## [What the task requires]
Once the line with "constraint coincident A0.centre origin" is found in the entries below, repeat that line and every one after it exactly, ending at the last.

## [Material for the task]

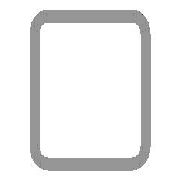
# Autodesk Inventor part: ISO 10799-2 - 80x80x3 - 3868,67
Saved by Autodesk Inventor 2025 (Build 290162010, 162A)
## iProperties
IsCustomPart: 1
Created: 2024-01-20
Part Number: ISO 10799-2 - 80x80x3 - 3868,67
Material: Steel, Mild
Description: Structural steels - Cold-formed, welded, structural hollow sections
Document SubType Name: Modeling
Standard: ISO 10799-2
Designer: pokla
Standard Revision: First edition 2011-09-15
Standards Organization: ISO
Language: en-US
Size Designation: 80x80x3
Categories: <MemberInstance><Categories><Category DisplayName="Structural Shapes" InternalName="089c4875-fa83-4c05-b084-43b9cc11f5ed" Mnemonic="GRDR"><CategoryParameter DisplayName="Mass per Length Unit" InternalName="0bb95a10-148f-4027-a459-38d7b056702a" Mnemonic="shpmass"/><CategoryParameter DisplayName="Section Area" InternalName="1ff91680-64b0-4202-b9a3-7fd3f94bba3b" Mnemonic="secarea"/><CategoryParameter DisplayName="Radius of Gyration (x)" InternalName="25778675-03e9-40c1-b6a8-4a9ed693320d" Mnemonic="gyrradx"/><CategoryParameter DisplayName="Torsional Rigidity Modulus" InternalName="26c1ec35-5026-4c63-ad0a-751cf684a536" Mnemonic="torrigmod"/><CategoryParameter DisplayName="Distance of the Center of Gravity X-X" InternalName="26c9bdb8-9c79-4b4f-a92e-8e197583c9c4" Mnemonic="grcendistX"/><CategoryParameter DisplayName="Legacy Member ID" InternalName="340afe4f-75d7-48d3-ab7d-943f3c3da468" Mnemonic="LegacyMemberID"/><CategoryParameter DisplayName="Base Length" InternalName="42e34263-8f20-4d0e-ad48-bf1385b87c24" Mnemonic="shplen"/><CategoryParameter DisplayName="Moment of Inertia (y)" InternalName="4b9f58ea-bced-460e-81ea-3d29ca5a49e3" Mnemonic="inermomy"/><CategoryParameter DisplayName="Moment of Inertia (x)" InternalName="4cd780bc-73d7-43ac-917a-579e5cbd684d" Mnemonic="inermomx"/><CategoryParameter DisplayName="Custom Base Point" InternalName="4f1d1b73-316d-484b-a3df-9cbabb16eb77" Mnemonic="shpBasePoint"/><CategoryParameter DisplayName="Shape Height" InternalName="50274e7d-5ac0-4796-92cb-c59e54983c67" Mnemonic="shpheig"/><CategoryParameter DisplayName="Section Module (y)" InternalName="59eaa5e9-d227-48dc-b6c1-6920f96e0f95" Mnemonic="secmody"/><CategoryParameter DisplayName="Section Designation" InternalName="5a64d034-428d-49c8-ba32-7619764de20f" Mnemonic="shpdes"/><CategoryParameter DisplayName="Section Module (x)" InternalName="72cfad18-cf51-4ed4-aaa7-c6b224f8419f" Mnemonic="secmodx"/><CategoryParameter DisplayName="Torsional Section Modulus" InternalName="7c55a8dc-8844-49f9-a867-cc677b30ec9a" Mnemonic="torsecmod"/><CategoryParameter DisplayName="Shape Width" InternalName="7c717d54-a18f-4666-b4d4-573cce22c62c" Mnemonic="shpwdth"/><CategoryParameter DisplayName="Second Shape Thickness" InternalName="9251a8e1-85fd-4e47-af99-afdb762317d9" Mnemonic="shpthick2"/><CategoryParameter DisplayName="FG Authored" InternalName="9c666724-f362-4ea7-ac62-f6a007de5c69" Mnemonic="shpFGAuto"/><CategoryParameter DisplayName="Distance of the Center of Gravity Y-Y" InternalName="bcc4fb17-7af4-436a-8f8c-d0aa3b0248c5" Mnemonic="grcendistY"/><CategoryParameter DisplayName="Radius of Gyration (y)" InternalName="bfa18ebe-1636-4dbe-8d42-b263e0b73184" Mnemonic="gyrrady"/><CategoryParameter DisplayName="Shape Thickness" InternalName="d109cf76-8eb4-42fc-9800-4409734adc67" Mnemonic="shpthick"/><CategoryParameter DisplayName="Coefficient of Shear Displacement" InternalName="de4c90c6-aaa8-468f-a335-6737b311b5d3" Mnemonic="shdispc"/><Category DisplayName="Square/Rectangular Tubes" InternalName="afc8e2d8-05d6-4609-8807-f98a9b7d2ed0" Mnemonic="SQRSHP"><CategoryParameter DisplayName="Section Area" InternalName="2f7f79dd-983c-4263-802a-5b6a1495fdc5" Mnemonic="secarea"/><CategoryParameter DisplayName="Section Module (x)" InternalName="50d965a6-04bf-46b9-8ace-861858d348e6" Mnemonic="secmodx"/><CategoryParameter DisplayName="Section Module (y)" InternalName="5106aeac-54a2-4159-a9af-8933dd39dba2" Mnemonic="secmody"/><CategoryParameter DisplayName="Shape Thickness" InternalName="52712fc5-f4ee-4eda-b3f2-6fce82c26419" Mnemonic="shpthick"/><CategoryParameter DisplayName="Moment of Inertia (y)" InternalName="55ec8510-8276-4c45-8f10-594e0fee7eb3" Mnemonic="inermomy"/><CategoryParameter DisplayName="Radius of Gyration (x)" InternalName="56c89926-a299-4389-a862-ac94c9691272" Mnemonic="gyrradx"/><CategoryParameter DisplayName="Radius" InternalName="5d8d062c-e28e-41c1-98da-8e5fee36da1a" Mnemonic="shprad"/><CategoryParameter DisplayName="Moment of Inertia (x)" InternalName="8c4637b6-6b69-4878-9d5d-26a32185d655" Mnemonic="inermomx"/><CategoryParameter DisplayName="Shape Width" InternalName="8c8a1782-5e80-4d77-858b-304b1c0ad1fd" Mnemonic="shpwdth"/><CategoryParameter DisplayName="Radius of Gyration (y)" InternalName="fa48a7f5-f030-40f9-a60b-de8a845b7104" Mnemonic="gyrrady"/></Category></Category><Category DisplayName="DataType" InternalName="23b78d0f-2648-40c6-8793-ca6db495c9e8" Mnemonic="DATATYPE"><CategoryParameter DisplayName="DisplayName" InternalName="05415f3d-3907-474b-a020-eb9d644f4cf3" Mnemonic="DISPLAYNAME"/><CategoryParameter DisplayName="Standard" InternalName="0c0a119c-1e12-4c84-803f-101930972f5e" Mnemonic="STANDARD"/><CategoryParameter DisplayName="Description" InternalName="13903e3d-64b1-4950-80da-f627842ea37f" Mnemonic="DESCRIPTION"/><CategoryParameter DisplayName="Designation" InternalName="2675968c-4ce5-49e0-a4f5-552d29089031" Mnemonic="DESIGNATION"/><CategoryParameter DisplayName="Default Row" InternalName="2af9ec52-faaa-4026-b378-f9fa4afca842" Mnemonic="DEFAULTROW"/><CategoryParameter DisplayName="Folder Name" InternalName="3f06958e-8713-4116-9be7-ed6184ecc97b" Mnemonic="FOLDERNAME"/><CategoryParameter DisplayName="Revision Guid" InternalName="45a75005-10b1-4dfc-8d6d-dfe629f0b93c" Mnemonic="REVISIONGUID"/><CategoryParameter DisplayName="FileName" InternalName="8b46a4cc-9585-4fed-90c3-899f57e09a73" Mnemonic="FILENAME"/><CategoryParameter DisplayName="StdsOrg" InternalName="8f5914e1-4693-403f-8ab5-d37768198c9d" Mnemonic="STDSORG"/><CategoryParameter DisplayName="Family Version" InternalName="914462f6-6e19-4b14-ba84-155b9680b1d0" Mnemonic="FAMILYREVISION"/><CategoryParameter DisplayName="Standard Revision" InternalName="91d5a463-65c2-4fde-b823-3b7fea5e8e17" Mnemonic="STANDARDREVISION"/><CategoryParameter DisplayName="Member Revision" InternalName="a65d44b9-392f-4f4f-857b-e4b3d54996fe" Mnemonic="MEMBERREVISION"/><CategoryParameter DisplayName="ClipFormat" InternalName="bc51e27b-3422-4e78-93ef-cec197ddf230" Mnemonic="CLIPFORMAT"/><CategoryParameter DisplayName="Manufacturer" InternalName="cd6c7a72-a28a-4e50-99a9-2c7f4e13e5ad" Mnemonic="MANUFACTURER"/><CategoryParameter DisplayName="InternalName" InternalName="cf1d0246-76d9-4b4a-8305-fa0409afb5c1" Mnemonic="INTERNALNAME"/><CategoryParameter DisplayName="IsMetric" InternalName="e2385c5b-1ea4-4823-96a8-8de651266ec3" Mnemonic="ISMETRIC"/><Category DisplayName="Part" InternalName="c0e0b642-3bcb-4cc8-9e80-f96d35c4afa4" Mnemonic="PART"><CategoryParameter DisplayName="Part Number" InternalName="016b6077-bfbe-49bd-92c9-d8d59c39c941" Mnemonic="PARTNUMBER"/><CategoryParameter DisplayName="Stock Number" InternalName="4dba7c1c-e26c-444e-836c-b08b433409a8" Mnemonic="STOCKNUMBER"/><CategoryParameter DisplayName="Material Key" InternalName="5c9a8adb-dd2b-4535-b97f-0a94a95fe41f" Mnemonic="MATERIALKEY"/><CategoryParameter DisplayName="Material" InternalName="818a152a-d3c3-49ca-80ee-df7d91421b8e" Mnemonic="MATERIAL"/></Category></Category><Category DisplayName="LegacyMap" InternalName="cd87c42b-3e48-431e-b5c0-1cbeb14dfe77" Mnemonic="LEGACYMAP"><CategoryParameter DisplayName="unique DA member ID" InternalName="0918ad47-427f-4fed-ae26-24c81c58f590" Mnemonic="DACOOKIE"/><CategoryParameter DisplayName="Merge11 ID" InternalName="0ee8fb18-e2ed-4f39-96f6-1f4b5f50aa71" Mnemonic="MERGE11"/><CategoryParameter DisplayName="unique CC member ID" InternalName="5193edd4-b2b0-4ab4-9d54-de900eee34e0" Mnemonic="CCCOOKIE"/><CategoryParameter DisplayName="Split ID" InternalName="72b5c83c-be7f-45c4-ae51-9160ea6deb26" Mnemonic="SPLIT"/><CategoryParameter DisplayName="MemberID" InternalName="8e5e0294-fc51-4c8f-b3d7-003dc5ed94f6" Mnemonic="MEMBERID"/><CategoryParameter DisplayName="CatalogName" InternalName="d99d1e27-aa94-4de2-af4c-c348882a6f4f" Mnemonic="CATALOGNAME"/><CategoryParameter DisplayName="FamilyNumber" InternalName="e705e1f4-09cb-413e-91f9-551b4188271e" Mnemonic="FAMILYNUMBER"/></Category></Categories><FamilyTemplate Id="gp0602"><FamilyTemplateParameters><FamilyTemplateParameter ObjectType="kUserParameterObject" ValueType="xs:double" Id="1" ObjectReferenceKey="G_H"/><FamilyTemplateParameter ObjectType="kUserParameterObject" ValueType="xs:double" Id="2" ObjectReferenceKey="B_L"/><FamilyTemplateParameter ObjectType="kUserParameterObject" ValueType="xs:double" Id="7" ObjectReferenceKey="G_W"/><FamilyTemplateParameter ObjectType="kUserParameterObject" ValueType="xs:double" Id="8" ObjectReferenceKey="G_T"/><FamilyTemplateParameter ObjectType="kUserParameterObject" ValueType="xs:double" Id="9" ObjectReferenceKey="G_IR"/><FamilyTemplateParameter ObjectType="kUserParameterObject" ValueType="xs:double" Id="117" ObjectReferenceKey="MAS"/><FamilyTemplateParameter ObjectType="kPropertyObject" ValueType="xs:string" Id="100" ObjectReferenceKey="{32853F0F-3444-11d1-9E93-0060B03C1CA6}" SubObjectId="52"/><FamilyTemplateParameter ObjectType="kPropertyObject" ValueType="xs:string" Id="105" ObjectReferenceKey="{32853F0F-3444-11d1-9E93-0060B03C1CA6}" SubObjectId="5"/><FamilyTemplateParameter ObjectType="kPartComponentDefinitionObject" ValueType="xs:string" Id="110" SubObjectId="Material"/><FamilyTemplateParameter ObjectType="kPropertyObject" ValueType="xs:string" Id="112" ObjectReferenceKey="{32853F0F-3444-11d1-9E93-0060B03C1CA6}" SubObjectId="55"/></FamilyTemplateParameters></FamilyTemplate><CategoryParameterMap><ParamToTemplateMap><ParamToTemplate CategoryParameter="//CategoryParameter[@InternalName='05415f3d-3907-474b-a020-eb9d644f4cf3']" ConstantValue="ISO 10799-2 (Square)"/><ParamToTemplate CategoryParameter="//CategoryParameter[@InternalName='cf1d0246-76d9-4b4a-8305-fa0409afb5c1']" ConstantValue="B3306885-1DD1-481B-BD24-E3DFD0254DB6"/><ParamToTemplate CategoryParameter="//CategoryParameter[@InternalName='3f06958e-8713-4116-9be7-ed6184ecc97b']" ConstantValue="ISO 10799-2(S)"/><ParamToTemplate CategoryParameter="//CategoryParameter[@InternalName='914462f6-6e19-4b14-ba84-155b9680b1d0']" ConstantValue="10"/><ParamToTemplate CategoryParameter="//CategoryParameter[@InternalName='bc51e27b-3422-4e78-93ef-cec197ddf230']" ConstantValue="CF_INVENTOR.STDPARTS"/><ParamToTemplate CategoryParameter="//CategoryParameter[@InternalName='e2385c5b-1ea4-4823-96a8-8de651266ec3']" ConstantValue="true"/><ParamToTemplate CategoryParameter="//CategoryParameter[@InternalName='13903e3d-64b1-4950-80da-f627842ea37f']" ConstantValue="Structural steels - Cold-formed, welded, structural hollow sections"/><ParamToTemplate CategoryParameter="//CategoryParameter[@InternalName='8f5914e1-4693-403f-8ab5-d37768198c9d']" ConstantValue="ISO"/><ParamToTemplate CategoryParameter="//CategoryParameter[@InternalName='0c0a119c-1e12-4c84-803f-101930972f5e']" ConstantValue="ISO 10799-2"/><ParamToTemplate CategoryParameter="//CategoryParameter[@InternalName='cd6c7a72-a28a-4e50-99a9-2c7f4e13e5ad']" TemplateParameter="104"/><ParamToTemplate CategoryParameter="//CategoryParameter[@InternalName='91d5a463-65c2-4fde-b823-3b7fea5e8e17']" ConstantValue="First edition 2011-09-15"/><ParamToTemplate CategoryParameter="//CategoryParameter[@InternalName='45a75005-10b1-4dfc-8d6d-dfe629f0b93c']" ConstantValue="0248128b-30b5-4ec4-8b02-06538bffa172"/><ParamToTemplate CategoryParameter="//CategoryParameter[@InternalName='2af9ec52-faaa-4026-b378-f9fa4afca842']" ConstantValue="1"/><ParamToTemplate CategoryParameter="//CategoryParameter[@InternalName='9c666724-f362-4ea7-ac62-f6a007de5c69']" ConstantValue="1"/><ParamToTemplate CategoryParameter="//CategoryParameter[@InternalName='8b46a4cc-9585-4fed-90c3-899f57e09a73']" ConstantValue="ISO 10799-2 - 80x80x3 - 0,001"/><ParamToTemplate CategoryParameter="//CategoryParameter[@InternalName='a65d44b9-392f-4f4f-857b-e4b3d54996fe']" ConstantValue="8883686C-8815-48C6-B75A-74A96244C854"/><ParamToTemplate CategoryParameter="//CategoryParameter[@InternalName='8c4637b6-6b69-4878-9d5d-26a32185d655']" ConstantValue="87,8"/><ParamToTemplate CategoryParameter="//CategoryParameter[@InternalName='56c89926-a299-4389-a862-ac94c9691272']" ConstantValue="3,12"/><ParamToTemplate CategoryParameter="//CategoryParameter[@InternalName='50d965a6-04bf-46b9-8ace-861858d348e6']" ConstantValue="22,0"/><ParamToTemplate CategoryParameter="//CategoryParameter[@InternalName='2f7f79dd-983c-4263-802a-5b6a1495fdc5']" ConstantValue="9,01"/><ParamToTemplate CategoryParameter="//CategoryParameter[@InternalName='7c55a8dc-8844-49f9-a867-cc677b30ec9a']" ConstantValue="33,0"/><ParamToTemplate CategoryParameter="//CategoryParameter[@InternalName='26c1ec35-5026-4c63-ad0a-751cf684a536']" ConstantValue="140"/><ParamToTemplate CategoryParameter="//CategoryParameter[@InternalName='de4c90c6-aaa8-468f-a335-6737b311b5d3']" ConstantValue="2,2807563"/><ParamToTemplate CategoryParameter="//CategoryParameter[@InternalName='5a64d034-428d-49c8-ba32-7619764de20f']" ConstantValue="80x80x3"/><ParamToTemplate CategoryParameter="//CategoryParameter[@InternalName='8e5e0294-fc51-4c8f-b3d7-003dc5ed94f6']" ConstantValue="30"/><ParamToTemplate CategoryParameter="//CategoryParameter[@InternalName='72b5c83c-be7f-45c4-ae51-9160ea6deb26']" ConstantValue="3626dfda-4397-4799-877a-2fe52dc968f5"/><ParamToTemplate CategoryParameter="//CategoryParameter[@InternalName='42e34263-8f20-4d0e-ad48-bf1385b87c24']" TemplateParameter="2"/><ParamToTemplate CategoryParameter="//CategoryParameter[@InternalName='2675968c-4ce5-49e0-a4f5-552d29089031']" TemplateParameter="100"/><ParamToTemplate CategoryParameter="//CategoryParameter[@InternalName='50274e7d-5ac0-4796-92cb-c59e54983c67']" TemplateParameter="1"/><ParamToTemplate CategoryParameter="//CategoryParameter[@InternalName='818a152a-d3c3-49ca-80ee-df7d91421b8e']" TemplateParameter="110"/><ParamToTemplate CategoryParameter="//CategoryParameter[@InternalName='016b6077-bfbe-49bd-92c9-d8d59c39c941']" TemplateParameter="105"/><ParamToTemplate CategoryParameter="//CategoryParameter[@InternalName='4dba7c1c-e26c-444e-836c-b08b433409a8']" TemplateParameter="112"/></ParamToTemplateMap></CategoryParameterMap></MemberInstance>
Stock Number: 80x80x3
Density: 7.85 g/cm^3
Appearance: Default
_CCFamilyMember: 30
_CCFamilyDisplayName: ISO 10799-2 (Square) - Structural steels - Cold-formed, welded, structural hollow sections
_FrameMemberDoc: Frame Member File
_Version: 15.0.0
_GetPNFromCC: 1
G_L: 3868,673 mm
G_W: 80,000 mm
G_H: 80,000 mm
Author: pokla
Autodesk Inventor part; units mm, degrees
note: some values were not read from the file. Left out: dimensions or parameters whose unit could not be read.
ref_plane "YZ Plane" through (0, 0, 0) normal (1, 0, 0) x (0, 1, 0)
ref_plane "Start Plane" through (0, 0, 0) normal (0, 0, 1) x (1, 0, 0)
ref_plane "End Plane" through (0, 0, 3868.6729) normal (0, 0, 1) x (1, 0, 0)
sketch "Sketch" plane through (0, 0, 0) normal (0, 0, 1) x (1, 0, 0)
  line L0 (-40, -34) -> (-40, 34)
  line L1 (-34, 40) -> (34, 40)
  line L2 (40, 34) -> (40, -34)
  line L3 (34, -40) -> (-34, -40)
  arc A0 (-40, -34) -> (-34, -40) centre (-34, -34) ccw
  arc A1 (40, 34) -> (34, 40) centre (34, 34) ccw
  arc A2 (-34, 40) -> (-40, 34) centre (-34, 34) ccw
  arc A3 (34, -40) -> (40, -34) centre (34, -34) ccw
  arc A4 (-34, 37) -> (-37, 34) centre (-34, 34) ccw
  line L4 (-34, 37) -> (34, 37)
  arc A5 (37, 34) -> (34, 37) centre (34, 34) ccw
  line L5 (37, 34) -> (37, -34)
  arc A6 (34, -37) -> (37, -34) centre (34, -34) ccw
  line L6 (34, -37) -> (-34, -37)
  arc A7 (-37, -34) -> (-34, -37) centre (-34, -34) ccw
  line L7 (-37, -34) -> (-37, 34)
  line L8 (0, 57.7397) -> (0, -57.7397) construction
  line L9 (-57.7397, 0) -> (57.7397, 0) construction
  dimension "d7" = 6
  dimension "d9" = 80
  dimension "d11" = 80
  dimension "d12" = 3
  dimension "d15" = 40
  dimension "d16" = 40
  constraints: 16 end point, 16 point on circle, 8 centre point, 8 tangent, 4 parallel, 3 equal radius, 2 perpendicular, 7 other
  measures "d7" radius of A0
  measures "d9" distance between parallel lines of L0 L2
  measures "d11" distance between parallel lines of L1 L3
  measures "d12" distance between parallel lines of L2 L5
  measures "d15" distance between parallel lines of L8 L2
  measures "d16" distance between parallel lines of L1 L9
extrude "Body" add sketch "Sketch" along normal up to surface (3868.6729 mm away) from surface at 0
sketch "Sketch3" plane through (0, 0, 0) normal (0, 0, 1) x (1, 0, 0)
  line L0 (0, 0) -> (10, 0)
ref_plane "Work Plane3" through (0, 0, 0) normal (0, -1, 0) x (1, 0, 0)
sketch "Sketch4" plane through (0, 0, 0) normal (0, -1, 0) x (1, 0, 0)
  line L0 (-2, 0) -> (12, 0) projected
  line L1 (-2, 3868.6729) -> (12, 3868.6729) projected
  dimension "d18" = 3868.673
  measures "d18" distance between parallel lines of L0 L1
equation "\"d7\" = G_IR"
equation "\"d9\" = G_W"
equation "\"d11\" = G_H"
equation "\"d12\" = G_T"
equation "\"d15\" = 0.5 * d9"
equation "\"d16\" = 0.5 * d11"
equation "\"d3\" = G_L"
equation "\"G_W\" = 80"
equation "\"G_H\" = 80"
equation "\"G_T\" = 3"
equation "\"G_IR\" = 6"
equation "\"G_L\" = d18"
equation "\"G_OFFSET_START\" = 0"
equation "\"G_OFFSET_END\" = 0"
equation "\"d14\" = G_OFFSET_END + B_L"
equation "\"B_L\" = 3868.67295"
body "Solid1"
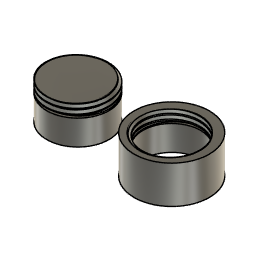
Threads Test (Autodesk Fusion 360 design; units mm, degrees)
Autodesk Fusion 360 part; units mm, degrees
sketch "Sketch1" plane through (0, 0, 0) normal (0, 0, 1) x (1, 0, 0)
  circle A0 centre (0, 0) radius 25
  dimension "d1" = 50
  constraint coincident A0.centre origin
  measures "d1" diameter of A0
extrude "Extrude1" add sketch "Sketch1" along normal blind 30 makes body 1
thread "Thread1" "ISO Metric profile 50.0 M50x4 6g" major diameter 49.7025 minor diameter 45.1258 pitch 4 angle 60 modelled right hand crest width 0.569 on face at (24.8758, -2.4892, 20) from (0, 0, 20) to (0, 0, 30) crest through (24.8513, 0, -1) on bodies 1
sketch "Sketch2" plane through (0, 0, 0) normal (0, 0, 1) x (1, 0, 0)
  circle A0 centre (75, 0) radius 25
  circle A1 centre (75, 0) radius 30
  constraint concentric A0 A1
extrude "Extrude2" add sketch "Sketch2" along normal blind 30 separate body makes body 2
thread "Thread2" "ISO Metric profile 50.0 M50x4 6H" major diameter 50.4462 minor diameter 45.9699 pitch 4 angle 60 modelled right hand crest width 1.0823 on face at (99.8758, -2.4892, 20) from (75, 0, 20) to (75, 0, 30) crest through (97.9849, 0, 1) on bodies 2

## [Response to the exercise]
  constraint coincident A0.centre origin
  measures "d1" diameter of A0
extrude "Extrude1" add sketch "Sketch1" along normal blind 30 makes body 1
thread "Thread1" "ISO Metric profile 50.0 M50x4 6g" major diameter 49.7025 minor diameter 45.1258 pitch 4 angle 60 modelled right hand crest width 0.569 on face at (24.8758, -2.4892, 20) from (0, 0, 20) to (0, 0, 30) crest through (24.8513, 0, -1) on bodies 1
sketch "Sketch2" plane through (0, 0, 0) normal (0, 0, 1) x (1, 0, 0)
  circle A0 centre (75, 0) radius 25
  circle A1 centre (75, 0) radius 30
  constraint concentric A0 A1
extrude "Extrude2" add sketch "Sketch2" along normal blind 30 separate body makes body 2
thread "Thread2" "ISO Metric profile 50.0 M50x4 6H" major diameter 50.4462 minor diameter 45.9699 pitch 4 angle 60 modelled right hand crest width 1.0823 on face at (99.8758, -2.4892, 20) from (75, 0, 20) to (75, 0, 30) crest through (97.9849, 0, 1) on bodies 2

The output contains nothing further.